Downloading https://github.com/kimiyoung/planetoid/raw/master/data/ind.cora.x
Downloading https://github.com/kimiyoung/planetoid/raw/master/data/ind.cora.tx
Downloading https://github.com/kimiyoung/planetoid/raw/master/data/ind.cora.allx
Downloading https://github.com/kimiyoung/planetoid/raw/master/data/ind.cora.y
Downloading https://github.com/kimiyoung/planetoid/raw/master/data/ind.cora.ty
Downloading https://github.com/kimiyoung/planetoid/raw/master/data/ind.cora.ally
Downloading https://github.com/kimiyoung/planetoid/raw/master/data/ind.cora.graph
Downloading https://github.com/kimiyoung/planetoid/raw/master/data/ind.cora.test.index
Processing...
Done!


## Define the two models

In [3]:
class GCN(torch.nn.Module):
    def __init__(self, in_dim, hidden_dim, out_dim):
        super().__init__()
        self.conv1 = GCNConv(in_dim, hidden_dim)
        self.conv2 = GCNConv(hidden_dim, out_dim)

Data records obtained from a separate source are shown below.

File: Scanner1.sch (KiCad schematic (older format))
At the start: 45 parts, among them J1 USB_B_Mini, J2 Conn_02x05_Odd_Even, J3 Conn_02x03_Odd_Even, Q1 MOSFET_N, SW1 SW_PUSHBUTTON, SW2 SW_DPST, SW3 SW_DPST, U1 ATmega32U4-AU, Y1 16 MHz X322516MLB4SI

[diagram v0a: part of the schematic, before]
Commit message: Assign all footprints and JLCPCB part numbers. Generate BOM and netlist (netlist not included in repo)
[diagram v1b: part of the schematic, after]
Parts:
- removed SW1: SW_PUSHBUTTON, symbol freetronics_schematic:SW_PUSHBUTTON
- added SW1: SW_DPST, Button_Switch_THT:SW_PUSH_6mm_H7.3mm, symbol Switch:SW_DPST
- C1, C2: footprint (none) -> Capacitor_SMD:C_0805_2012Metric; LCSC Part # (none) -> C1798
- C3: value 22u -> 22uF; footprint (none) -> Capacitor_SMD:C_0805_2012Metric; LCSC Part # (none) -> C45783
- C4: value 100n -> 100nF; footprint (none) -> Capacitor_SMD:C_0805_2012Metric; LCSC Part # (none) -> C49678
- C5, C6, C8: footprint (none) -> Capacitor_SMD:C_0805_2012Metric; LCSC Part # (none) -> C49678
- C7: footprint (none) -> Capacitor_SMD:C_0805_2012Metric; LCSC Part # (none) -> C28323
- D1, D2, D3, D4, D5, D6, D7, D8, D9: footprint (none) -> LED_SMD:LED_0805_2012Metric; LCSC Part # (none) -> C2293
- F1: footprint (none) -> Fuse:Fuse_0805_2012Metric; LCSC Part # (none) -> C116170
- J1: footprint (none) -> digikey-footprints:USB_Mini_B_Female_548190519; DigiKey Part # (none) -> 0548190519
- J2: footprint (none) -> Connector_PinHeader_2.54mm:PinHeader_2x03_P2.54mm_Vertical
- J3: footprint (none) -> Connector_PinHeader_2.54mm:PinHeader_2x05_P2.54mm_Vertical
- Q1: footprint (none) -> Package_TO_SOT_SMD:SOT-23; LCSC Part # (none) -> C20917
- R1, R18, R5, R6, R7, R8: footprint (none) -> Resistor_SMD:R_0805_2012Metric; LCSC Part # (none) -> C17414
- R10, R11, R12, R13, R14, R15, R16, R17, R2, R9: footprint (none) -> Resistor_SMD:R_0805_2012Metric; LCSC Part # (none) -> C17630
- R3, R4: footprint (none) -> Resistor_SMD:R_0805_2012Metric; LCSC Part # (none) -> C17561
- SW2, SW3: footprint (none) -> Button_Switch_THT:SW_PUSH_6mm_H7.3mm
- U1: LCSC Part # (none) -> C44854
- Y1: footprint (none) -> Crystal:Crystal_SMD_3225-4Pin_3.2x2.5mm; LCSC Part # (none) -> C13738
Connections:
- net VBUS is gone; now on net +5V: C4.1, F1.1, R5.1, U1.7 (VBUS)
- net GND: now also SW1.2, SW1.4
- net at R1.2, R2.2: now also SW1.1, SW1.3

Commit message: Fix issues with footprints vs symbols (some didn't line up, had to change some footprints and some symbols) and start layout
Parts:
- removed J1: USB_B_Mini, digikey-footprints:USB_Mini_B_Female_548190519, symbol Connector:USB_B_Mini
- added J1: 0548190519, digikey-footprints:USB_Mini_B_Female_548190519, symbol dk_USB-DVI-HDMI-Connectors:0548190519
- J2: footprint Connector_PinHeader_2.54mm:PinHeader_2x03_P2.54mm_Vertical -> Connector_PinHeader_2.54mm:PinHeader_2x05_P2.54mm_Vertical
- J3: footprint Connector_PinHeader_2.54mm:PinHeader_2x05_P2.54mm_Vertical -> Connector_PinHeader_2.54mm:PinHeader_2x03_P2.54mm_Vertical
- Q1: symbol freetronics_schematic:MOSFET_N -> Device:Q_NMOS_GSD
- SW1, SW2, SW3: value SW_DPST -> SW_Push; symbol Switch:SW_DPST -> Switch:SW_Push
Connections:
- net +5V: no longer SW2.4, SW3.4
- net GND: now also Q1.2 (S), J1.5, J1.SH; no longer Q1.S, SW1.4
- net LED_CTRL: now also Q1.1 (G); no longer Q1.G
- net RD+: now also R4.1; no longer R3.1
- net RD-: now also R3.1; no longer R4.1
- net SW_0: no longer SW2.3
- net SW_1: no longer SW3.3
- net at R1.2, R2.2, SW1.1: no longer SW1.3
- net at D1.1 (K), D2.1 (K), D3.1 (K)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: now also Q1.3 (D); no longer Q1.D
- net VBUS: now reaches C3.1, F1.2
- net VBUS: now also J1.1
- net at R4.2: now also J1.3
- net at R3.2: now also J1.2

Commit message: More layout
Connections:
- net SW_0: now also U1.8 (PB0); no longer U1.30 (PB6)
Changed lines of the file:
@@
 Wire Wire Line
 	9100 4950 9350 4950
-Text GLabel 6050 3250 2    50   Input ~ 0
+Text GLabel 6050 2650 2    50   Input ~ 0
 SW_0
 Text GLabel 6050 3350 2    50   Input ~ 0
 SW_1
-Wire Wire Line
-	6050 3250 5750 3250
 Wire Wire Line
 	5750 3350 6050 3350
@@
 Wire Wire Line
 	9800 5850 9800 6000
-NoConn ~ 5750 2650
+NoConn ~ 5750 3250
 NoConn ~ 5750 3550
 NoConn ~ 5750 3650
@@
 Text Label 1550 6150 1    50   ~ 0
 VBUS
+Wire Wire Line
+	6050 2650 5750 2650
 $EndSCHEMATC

    def forward(self, x, edge_index):
        x = self.conv1(x, edge_index)
        x = F.relu(x)
        x = F.dropout(x, training=self.training)
        x = self.conv2(x, edge_index)
        return x

class GAT(torch.nn.Module):
    def __init__(self, in_channels, hidden_channels, out_channels,
                 heads=4, dropout=0.5):
        super().__init__()
        self.gat1 = GATConv(in_channels, hidden_channels,
                            heads=heads, dropout=dropout)
        self.gat2 = GATConv(hidden_channels * heads, out_channels,
                            heads=1, concat=False, dropout=dropout)
        self.dropout = dropout

    def forward(self, x, edge_index):
        x_res = x
        x = self.gat1(x, edge_index)
        x = F.elu(x)
        x = F.dropout(x, p=self.dropout, training=self.training)
        if x_res.shape[1] == x.shape[1]:
            x = x + x_res
        x = self.gat2(x, edge_index)
        return x


## Training helper

In [4]:
def train_model(model, data, lr=0.01, weight_decay=5e-4, patience=20, max_epochs=200):
    model.to(device)
    optimizer = torch.optim.Adam(model.parameters(), lr=lr, weight_decay=weight_decay)

    best_state = None
    best_val_acc = 0.0
    bad_epochs = 0

    for epoch in range(1, max_epochs + 1):
        model.train()
        optimizer.zero_grad()
        out = model(data.x, data.edge_index)
        loss = F.cross_entropy(out[data.train_mask], data.y[data.train_mask])
        loss.backward()
        optimizer.step()

        model.eval()
        with torch.no_grad():
            logits = model(data.x, data.edge_index)
            preds = logits.argmax(dim=1)
            val_acc = (preds[data.val_mask] == data.y[data.val_mask]).float().mean().item()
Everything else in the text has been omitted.